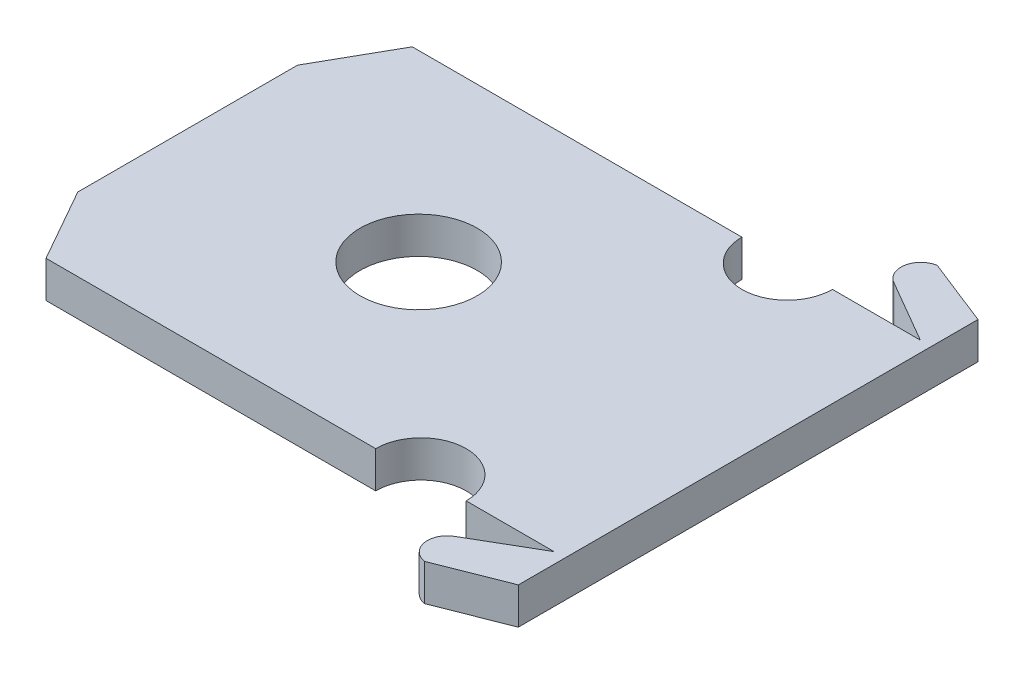
SolidWorks part; units mm, degrees
ref_plane "Front Plane" through (0, 0, 0) normal (0, 0, 1) x (1, 0, 0)
ref_plane "Top Plane" through (0, 0, 0) normal (0, 1, 0) x (1, 0, 0)
ref_plane "Right Plane" through (0, 0, 0) normal (1, 0, 0) x (0, 0, -1)
sketch "Sketch1" plane through (0, 0, 0) normal (0, 1, 0) x (1, 0, 0)
  line L0 (0, 0) -> (-9.5285, 0) construction
  line L1 (0, 1.5) -> (0, -1.5)
  line L2 (0, -1.5) -> (0.5664, -2.5)
  line L3 (0.5664, -2.5) -> (5.0664, -2.5)
  line L4 (6.3024, -2.5) -> (7.5024, -2.5)
  line L5 (7.5024, -2.5) -> (6.6402, -3.0001)
  line L6 (6.7331, -3.499) -> (7.6514, -3.1375)
  line L7 (7.6514, -3.1375) -> (7.6514, 3.1375)
  line L8 (6.7331, 3.499) -> (7.6514, 3.1375)
  line L9 (7.5024, 2.5) -> (6.6402, 3.0001)
  line L10 (6.3024, 2.5) -> (7.5024, 2.5)
  line L11 (0.5664, 2.5) -> (5.0664, 2.5)
  line L12 (0, 1.5) -> (0.5664, 2.5)
  arc A0 (5.0664, -2.5) -> (6.3024, -2.5) centre (5.6844, -2.5) cw
  arc A1 (6.6402, -3.0001) -> (6.7331, -3.499) centre (6.7753, -3.2331) ccw
  arc A2 (6.6402, 3.0001) -> (6.7331, 3.499) centre (6.7753, 3.2331) cw
  arc A3 (5.0664, 2.5) -> (6.3024, 2.5) centre (5.6844, 2.5) ccw
  circle A4 centre (3.1534, 0) radius 0.8
  point P16 (0, 0)
  point P17 (7.6514, 0)
  dimension "D1" = 1.5
  dimension "D2" = 1
  dimension "D3" = 1.2
  dimension "6" = 4.5
extrude "Boss-Extrude1" add sketch "Sketch1" along normal blind 0.5 contours A4 L0 | L0 A4 | L3 A0 L4 L5 A1 L6 L7 L8 A2 L9 L10 A3 L11 L12 L1 L2

####

[Aim of the exercise]
All lines of the listing that contain the word "sketch" should be copied out.

[Response to the task]
sketch "Sketch1" plane through (0, 0, 0) normal (0, 1, 0) x (1, 0, 0)
extrude "Boss-Extrude1" add sketch "Sketch1" along normal blind 0.5 contours A4 L0 | L0 A4 | L3 A0 L4 L5 A1 L6 L7 L8 A2 L9 L10 A3 L11 L12 L1 L2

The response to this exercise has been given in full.